The data below holds a line containing "point P6 (36.9782, 29.4138)" and a line containing "radius of A15"; please quote exactly those two lines and every line between them, and nothing else.

◆ Raw data ◆
[Start of section]

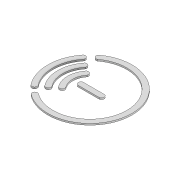
# Autodesk Inventor part: BordaLogo
Saved by Autodesk Inventor 2020.3 (Build 243373000, 373)
## iProperties
Created: 2021-08-24
Part Number: BordaLogo
Material: Generic
Document SubType Name: Modeling
Designer: Yusuf
Mass: 5.59154 g
Surface Area: 73.9053 cm^2
Volume: 5.59154 cm^3
Density: 1 g/cm^3
Appearance: Default
Author: Yusuf
Autodesk Inventor part; units mm, degrees
ref_plane "YZ Plane" through (0, 0, 0) normal (1, 0, 0) x (0, 1, 0)
ref_plane "XZ Plane" through (0, 0, 0) normal (0, 1, 0) x (-1, 0, 0)
ref_plane "XY Plane" through (0, 0, 0) normal (0, 0, 1) x (1, 0, 0)
sketch "Sketch1" plane through (0, 0, 0) normal (0, 1, 0) x (-1, 0, 0)
  circle A0 centre (0, 0) radius 53.85
  circle A1 centre (0, 0) radius 47.25
  circle A2 centre (0, 0) radius 41.25
  circle A3 centre (0, 0) radius 28.65
  circle A4 centre (0, 0) radius 22.05
  circle A5 centre (0, 0) radius 34.65
  line L0 (0, 53.85) -> (0, -53.85) construction
  line L1 (0, 0) -> (42.1434, -33.5224)
  line L2 (0, 0) -> (32.4077, -43.0065)
  arc A6 (36.9782, -29.4138) -> (42.1434, -33.5224) centre (40.0704, -30.8275) ccw
  line L3 (39.5608, -31.4681) -> (39.9924, -30.9256) construction
  arc A7 (27.1174, -21.5701) -> (32.2826, -25.6787) centre (30.2095, -22.9838) ccw
  arc A8 (17.2565, -13.7264) -> (22.4217, -17.835) centre (20.3487, -15.1402) ccw
  arc A9 (32.4077, -43.0065) -> (28.4358, -37.7355) centre (29.6124, -40.9809) ccw
  line L4 (0, 0) -> (42.1434, 33.5224)
  line L5 (0, 0) -> (32.4077, 43.0065)
  arc A10 (42.1434, 33.5224) -> (36.9782, 29.4138) centre (40.0704, 30.8275) ccw
  line L6 (39.5608, 31.4681) -> (39.9924, 30.9256) construction
  arc A11 (32.2826, 25.6787) -> (27.1174, 21.5701) centre (30.2095, 22.9838) ccw
  arc A12 (22.4217, 17.835) -> (17.2565, 13.7264) centre (20.3487, 15.1402) ccw
  arc A13 (28.4358, 37.7355) -> (32.4077, 43.0065) centre (29.6124, 40.9809) ccw
  line L7 (47.25, 0) -> (41.25, 0)
  line L8 (34.65, 0) -> (28.65, 0)
  line L9 (22.05, 0) -> (-53.85, 0)
  line L10 (53.6613, -53.4353) -> (53.6613, 53.4353)
  line L11 (0, 0) -> (88.3768, 0)
  line L12 (12.0694, -3.3) -> (-15.3926, -3.3)
  line L13 (12.0694, 3.3) -> (-15.3926, 3.3)
  line L14 (8.2219, -3.3) -> (8.2219, 3.3)
  arc A14 (12.0694, -3.3) -> (12.0694, 3.3) centre (11.4617, 0) ccw
  arc A15 (-15.3926, 3.3) -> (-15.3926, -3.3) centre (-14.7876, 0) ccw
  point P0 (53.6613, 0)
  point P1 (0, 53.4353)
  point P2 (8.2219, 0)
  point P3 (32.4077, 43.0065)
  point P4 (27.1174, 21.5701)
  point P5 (53.6613, 4.5036)
  point P6 (36.9782, 29.4138)
  point P7 (53.6613, -4.5036)
  dimension "d3" = 94.5
  dimension "width" = 6.6
  dimension "d7" = 6.6
  dimension "d8" = 6.6
  dimension "d11" = 6
  dimension "d13" = 6
  dimension "d31" = 3.4
  dimension "d59" = 6.6
  dimension "d60" = 3.3555
  dimension "d62" = 3.355
  constraints: 36 point on circle, 30 end point, 19 point on line, 16 centre point, 6 coincident, 6 horizontal, 3 perpendicular, 2 equal radius, 2 horizontal alignment, 2 midpoint, 1 vertical, 1 vertical alignment
  measures "d3" diameter of A1
  measures "width" radial gap between concentric circles of A1 A0
  measures "d7" radial gap between concentric circles of A4 A3
  measures "d8" radial gap between concentric circles of A5 A2
  measures "d11" radial gap between concentric circles of A2 A1
  measures "d13" radial gap between concentric circles of A3 A5
  measures "d31" radius of A6
  measures "d59" distance between parallel lines of L13 L12
  measures "d60" radius of A14
  measures "d62" radius of A15
extrude "Extrusion1" add sketch "Sketch1" along normal blind 2 contours A0 L10 L11 A1 L4 | L4 A10 | L5 A1 L9 A0 | A13 L5 | L9 A1 L2 A0 | L10 A0 L1 A1 L11 | A2 L11 A5 L4 | L4 A11 | L2 A9 | L1 A6 | A2 L1 A5 L11 | A7 L1 | A3 L11 A4 L4 | L4 A12 | A3 L1 A4 L11 | A8 L1 | L13 L14 L9 L4 | L4 L5 L13 | L5 L9 A15 L13 | A14 L12 L14 L9 | L9 L14 L13 A14 | L9 L14 L12 L1 | L1 L12 L2 | L2 L12 A15 L9
equation "\"d7\" = width"
equation "\"d8\" = width"
body "Solid1"
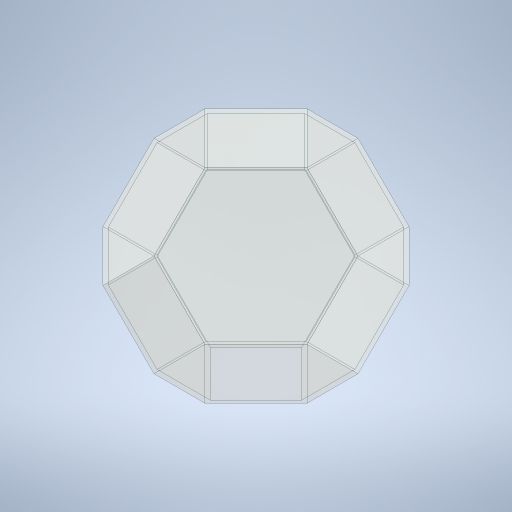
# Autodesk Inventor part: Dome
Saved by Autodesk Inventor 2024 (Build 280153000, 153)
## iProperties
Created: 2023-06-28
Part Number: Dome
Material: Glass
Document SubType Name: Modeling
Designer: jrese
Density: 2.18 g/cm^3
Appearance: Clear
Author: jrese
Autodesk Inventor part; units mm, degrees
ref_plane "YZ Plane" through (0, 0, 0) normal (1, 0, 0) x (0, 1, 0)
ref_plane "XZ Plane" through (0, 0, 0) normal (0, 1, 0) x (-1, 0, 0)
sketch "Sketch26" plane through (0, 0, 0) normal (0, 0, 1) x (1, 0, 0)
  line L0 (82.5476, 0) -> (0, 82.5476)
  line L1 (0, 82.5476) -> (-82.5476, 0)
  line L2 (-82.5476, 0) -> (0, -82.5476)
  line L3 (0, -82.5476) -> (82.5476, 0)
  line L4 (-58.37, -58.37) -> (58.37, 58.37) construction
  line L5 (58.37, -58.37) -> (-58.37, 58.37) construction
  point P0 (0, 0)
  dimension "d97" = 116.74
  dimension "d98" = 165.0953
  constraints: 12 end point, 2 midpoint, 2 parallel, 1 perpendicular
  measures "d97" distance of L0.end L1.end
  measures "d98" distance of L0.start L1.end
extrude "Extrusion9" add sketch "Sketch26" along normal mid plane 330.1906
pattern_circular "Circular Pattern14" count 4 over 360 about axis through (-10, 0, 0) along (1, 0, 0) of "Extrusion9"
pattern_circular "Circular Pattern15" count 4 over 360 about axis through (0, -10, 0) along (0, 1, 0) of "Extrusion9"
ref_plane "Work Plane9" through (82.5476, 165.0953, 0) normal (0.5773503, 0.5773503, 0.5773503) x (0.7071068, 0, -0.7071068)
sketch "Sketch27" plane through (82.5476, 165.0953, 0) normal (0.5773503, 0.5773503, 0.5773503) x (0.7071068, 0, -0.7071068)
  line L0 (-116.74, -67.3999) -> (-116.74, 0) projected
  line L1 (-116.74, 0) -> (0, 0)
  line L2 (0, 0) -> (58.37, -101.0998)
  line L3 (58.37, -101.0998) -> (0, -202.1996)
  line L4 (0, -202.1996) -> (-116.74, -202.1996)
  line L5 (-116.74, -202.1996) -> (-175.11, -101.0998)
  line L6 (-175.11, -101.0998) -> (-116.74, 0)
  point P0 (-58.37, -101.0998)
  point P1 (-58.37, -101.0998)
  constraints: 12 end point, 1 coincident, 13 other
extrude "Extrusion10" add sketch "Sketch27" against normal up to surface (285.9534 mm away)
pattern_circular "Circular Pattern16" count 4 over 360 about axis through (-10, 0, 0) along (1, 0, 0) of "Extrusion10"
shell "Shell2" thickness 5 removed faces 1 at (0, -165.0953, -27.5159)
equation "\"d99\" = 2 * d98"
equation "\"d107\" = 2 * d98"
body "Solid7"

[End of section]

◆ Solution to this exercise ◆
  point P6 (36.9782, 29.4138)
  point P7 (53.6613, -4.5036)
  dimension "d3" = 94.5
  dimension "width" = 6.6
  dimension "d7" = 6.6
  dimension "d8" = 6.6
  dimension "d11" = 6
  dimension "d13" = 6
  dimension "d31" = 3.4
  dimension "d59" = 6.6
  dimension "d60" = 3.3555
  dimension "d62" = 3.355
  constraints: 36 point on circle, 30 end point, 19 point on line, 16 centre point, 6 coincident, 6 horizontal, 3 perpendicular, 2 equal radius, 2 horizontal alignment, 2 midpoint, 1 vertical, 1 vertical alignment
  measures "d3" diameter of A1
  measures "width" radial gap between concentric circles of A1 A0
  measures "d7" radial gap between concentric circles of A4 A3
  measures "d8" radial gap between concentric circles of A5 A2
  measures "d11" radial gap between concentric circles of A2 A1
  measures "d13" radial gap between concentric circles of A3 A5
  measures "d31" radius of A6
  measures "d59" distance between parallel lines of L13 L12
  measures "d60" radius of A14
  measures "d62" radius of A15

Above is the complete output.